DATA LISTING below:

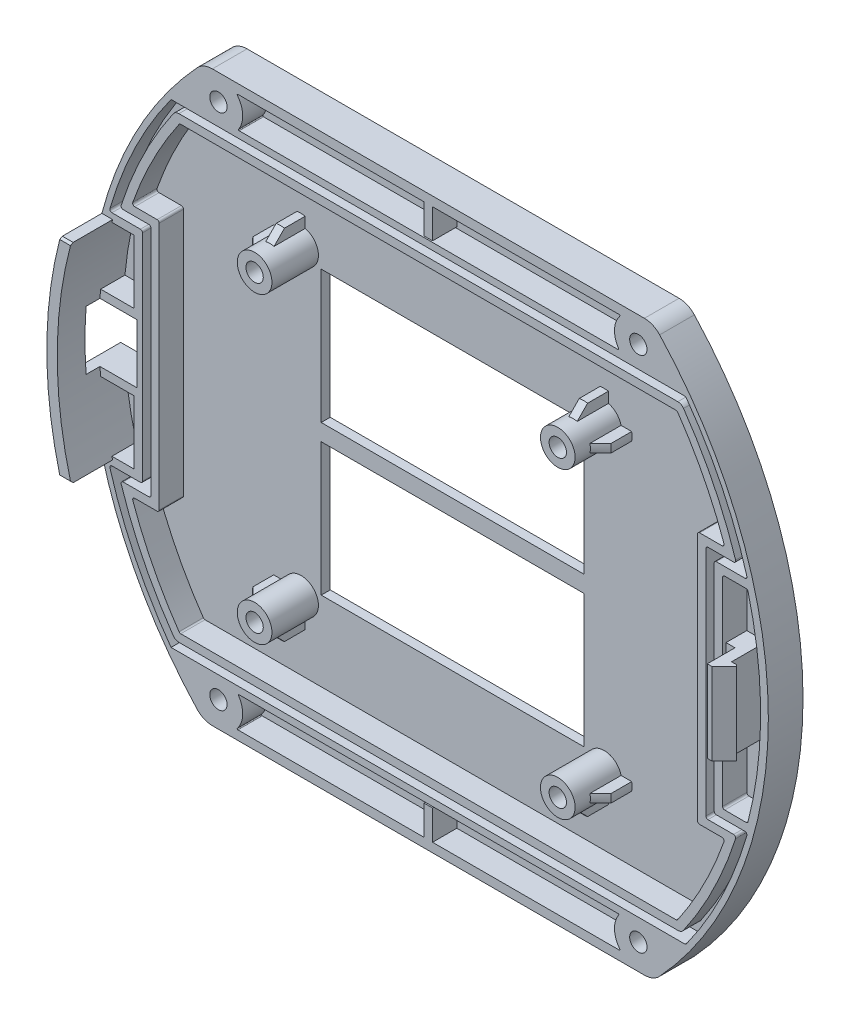
SolidWorks part; units mm, degrees
ref_plane "Front Plane" through (0, 0, 0) normal (0, 0, 1) x (1, 0, 0)
ref_plane "Top Plane" through (0, 0, 0) normal (0, 1, 0) x (1, 0, 0)
ref_plane "Right Plane" through (0, 0, 0) normal (1, 0, 0) x (0, 0, -1)
sketch "Sketch1" plane through (0, 0, 0) normal (0, 0, 1) x (1, 0, 0)
  line L0 (0, 35) -> (0, -35) construction
  line L7 (-37.5, -35) -> (37.5, -35)
  line L8 (37.5, 35) -> (-37.5, 35)
  line L10 (37.5, 35) -> (37.5, -35) construction
  line L11 (-37.5, 35) -> (-37.5, -35) construction
  arc A4 (-37.5, 35) -> (-37.5, -35) centre (10, 0) ccw
  arc A5 (37.5, 35) -> (37.5, -35) centre (-10, 0) cw
  point P17 (10, 0)
  dimension "D2" = 75
extrude "Boss-Extrude1" add sketch "Sketch1" along normal blind 5
sketch "Sketch2" plane through (0, 0, 5) normal (0, 0, 1) x (1, 0, 0)
  line L0 (-49.0021, 0) -> (49.0021, 0) construction
  line L1 (-42.635, 0) -> (-42.635, -15) construction
  line L2 (-42.635, 0) -> (-42.635, 15) construction
  line L3 (-45.5112, 15) -> (-47.0636, 15)
  line L4 (-45.5112, -15) -> (-47.0636, -15)
  arc A0 (-37.5, 35) -> (-37.5, -35) centre (10, 0) ccw construction
  arc A1 (37.5, -35) -> (37.5, 35) centre (-10, 0) ccw construction
  arc A2 (-47.0636, 15) -> (-47.0636, -15) centre (10, 0) ccw
  arc A4 (-36.2924, 34.1102) -> (-36.2924, -34.1102) centre (10, 0) ccw
  arc A5 (-45.5112, 15) -> (-45.5112, -15) centre (10, 0) ccw
  dimension "D1" = 15
  dimension "D2" = 15
  dimension "D3" = 1.5
extrude "Boss-Extrude2" add sketch "Sketch2" along normal blind 6
ref_plane "Plane2" through (-42, 0, 0) normal (1, 0, 0) x (0, 0, -1)
sketch "Sketch6" plane through (-42, 0, 0) normal (1, 0, 0) x (0, 0, -1)
  line L0 (0, 0) -> (-11, 0) construction
  line L1 (-11, 15) -> (-11, -15) construction
  line L2 (-11, 0) -> (-7, 0) construction
  line L3 (-7, 0) -> (-7, 4.25)
  line L4 (-7, 0) -> (-7, -4.25)
  line L5 (-7, 4.25) -> (0, 4.25)
  line L6 (0, -35) -> (0, 35) construction
  line L7 (0, 4.25) -> (0, -4.25)
  line L8 (0, -4.25) -> (-7, -4.25)
  dimension "D1" = 4
  dimension "D2" = 4.25
  dimension "D3" = 4.25
extrude "Cut-Extrude2" cut sketch "Sketch6" against normal blind 8
sketch "Sketch8" plane through (0, 0, 5) normal (0, 0, 1) x (1, 0, 0)
  line L0 (0, 0) -> (0, 35) construction
  line L1 (37.5, 35) -> (-37.5, 35) construction
  line L2 (0, 35) -> (0, -35) construction
  line L3 (-37.5, -35) -> (37.5, -35) construction
  line L4 (0, 0) -> (49.0021, 0) construction
  line L5 (0, 0) -> (42, 0) construction
  line L6 (42, 0) -> (44, 0) construction
  line L13 (0, 0) -> (43.2, 0) construction
  line L14 (43.7, -5.9) -> (45.2, -5.9)
  line L15 (45.2, -5.9) -> (45.2, 5.9)
  line L16 (45.2, 5.9) -> (43.7, 5.9)
  line L19 (45.2, 5.9) -> (43.7, 5.9) construction
  line L20 (43.7, 5.9) -> (43.7, -5.9)
  arc A0 (37.5, -35) -> (37.5, 35) centre (-10, 0) ccw construction
  point P5 (45.2, 0)
  dimension "D1" = 42
  dimension "D2" = 2
  dimension "D3" = 11.8
  dimension "D5" = 1.5
  dimension "D6" = 43.2
extrude "Boss-Extrude4" add sketch "Sketch8" along normal blind 3.5
ref_plane "Plane3" through (0, 0, 6.5) normal (0, 0, 1) x (1, 0, 0)
sketch "Sketch9" plane through (0, 0, 6.5) normal (0, 0, 1) x (1, 0, 0)
  line L0 (45.2, 5.9) -> (46.4, 5.9)
  line L1 (46.4, 5.9) -> (46.4, -5.9)
  line L2 (46.4, -5.9) -> (45.2, -5.9)
  line L3 (45.2, 5.9) -> (45.2, -5.9)
  dimension "D1" = 1.2
extrude "Boss-Extrude5" add sketch "Sketch9" along normal blind 2
chamfer "Chamfer2" distance 2 angle 45 1 edges at (46.4, 0, 8.5)
chamfer "Chamfer3" distance 0.5 angle 45 1 edges at (46.4, 0, 6.5)
sketch "Sketch10" plane through (0, 0, 0) normal (0, 0, 1) x (1, 0, 0)
  line L0 (-32.4294, 41) -> (32.4294, 41)
  line L1 (-37.5, 35) -> (37.5, 35)
  line L2 (-32.4294, -41) -> (32.4294, -41)
  line L3 (-37.5, -35) -> (37.5, -35)
  line L4 (0, 41) -> (0, -41) construction
  line L5 (-10, 0) -> (10, 0) construction
  arc A0 (-37.5, 35) -> (-32.4294, 41) centre (10, 0) cw
  arc A1 (37.5, 35) -> (32.4294, 41) centre (-10, 0) ccw
  arc A2 (-37.5, -35) -> (-32.4294, -41) centre (10, 0) ccw
  arc A3 (37.5, -35) -> (32.4294, -41) centre (-10, 0) cw
extrude "Boss-Extrude6" add sketch "Sketch10" along normal blind 5
sketch "Sketch11" plane through (0, 0, 5) normal (0, 0, 1) x (1, 0, 0)
  line L0 (-41.2021, 0) -> (42.0021, 0) construction
  line L1 (0, 41) -> (0, -41) construction
  circle A0 centre (-30.2641, -37.3072) radius 1.25
  circle A1 centre (30.2641, -37.3072) radius 1.25
  circle A2 centre (30.2641, 37.3072) radius 1.25
  circle A3 centre (-30.2641, 37.3072) radius 1.25
extrude "Cut-Extrude3" cut sketch "Sketch11" against normal blind 5
sketch "Sketch12" plane through (0, 0, 0) normal (0, 0, -1) x (-1, 0, 0)
  circle A0 centre (-30.2641, 37.3072) radius 3
  circle A1 centre (30.2641, 37.3072) radius 3
  circle A2 centre (30.2641, -37.3072) radius 3
  circle A3 centre (-30.2641, -37.3072) radius 3
  dimension "D1" = 6
  dimension "D2" = 6
  dimension "D3" = 6
  dimension "D4" = 6
extrude "Cut-Extrude4" cut sketch "Sketch12" against normal blind 2.5
sketch "Sketch13" plane through (0, 0, 5) normal (0, 0, 1) x (1, 0, 0)
  line L0 (-46.0165, 15.8) -> (-41.2021, 15.8)
  line L1 (-41.2021, 15.8) -> (-41.2021, -15.8)
  line L2 (-41.2021, -15.8) -> (-46.0165, -15.8)
  line L3 (-37.094, -34.2) -> (37.094, -34.2)
  line L4 (46.0165, -15.8) -> (41.2021, -15.8)
  line L5 (41.2021, -15.8) -> (41.2021, 15.8)
  line L6 (41.2021, 15.8) -> (46.0165, 15.8)
  line L7 (37.094, 34.2) -> (-37.094, 34.2)
  line L8 (10, 0) -> (-10, 0) construction
  line L9 (0, 34.2) -> (0, -34.2) construction
  line L10 (-44.4081, 17) -> (-40.0021, 17)
  line L11 (-35.9591, 33) -> (35.9591, 33)
  line L12 (-40.0021, 17) -> (-40.0021, -17)
  line L13 (44.4081, 17) -> (40.0021, 17)
  line L14 (40.0021, 17) -> (40.0021, -17)
  line L15 (44.4081, -17) -> (40.0021, -17)
  line L16 (-35.9591, -33) -> (35.9591, -33)
  line L17 (-44.4081, -17) -> (-40.0021, -17)
  line L18 (0, 33) -> (0, -33) construction
  arc A0 (-37.094, 34.2) -> (-46.0165, 15.8) centre (10, 0) ccw
  arc A1 (-46.0165, -15.8) -> (-37.094, -34.2) centre (10, 0) ccw
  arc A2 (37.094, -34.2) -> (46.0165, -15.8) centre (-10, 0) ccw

End of DATA LISTING.

DIRECTIONS :: Lines containing the word "chamfer": copy every one of them from the records above.

RESULT ::
chamfer "Chamfer2" distance 2 angle 45 1 edges at (46.4, 0, 8.5)
chamfer "Chamfer3" distance 0.5 angle 45 1 edges at (46.4, 0, 6.5)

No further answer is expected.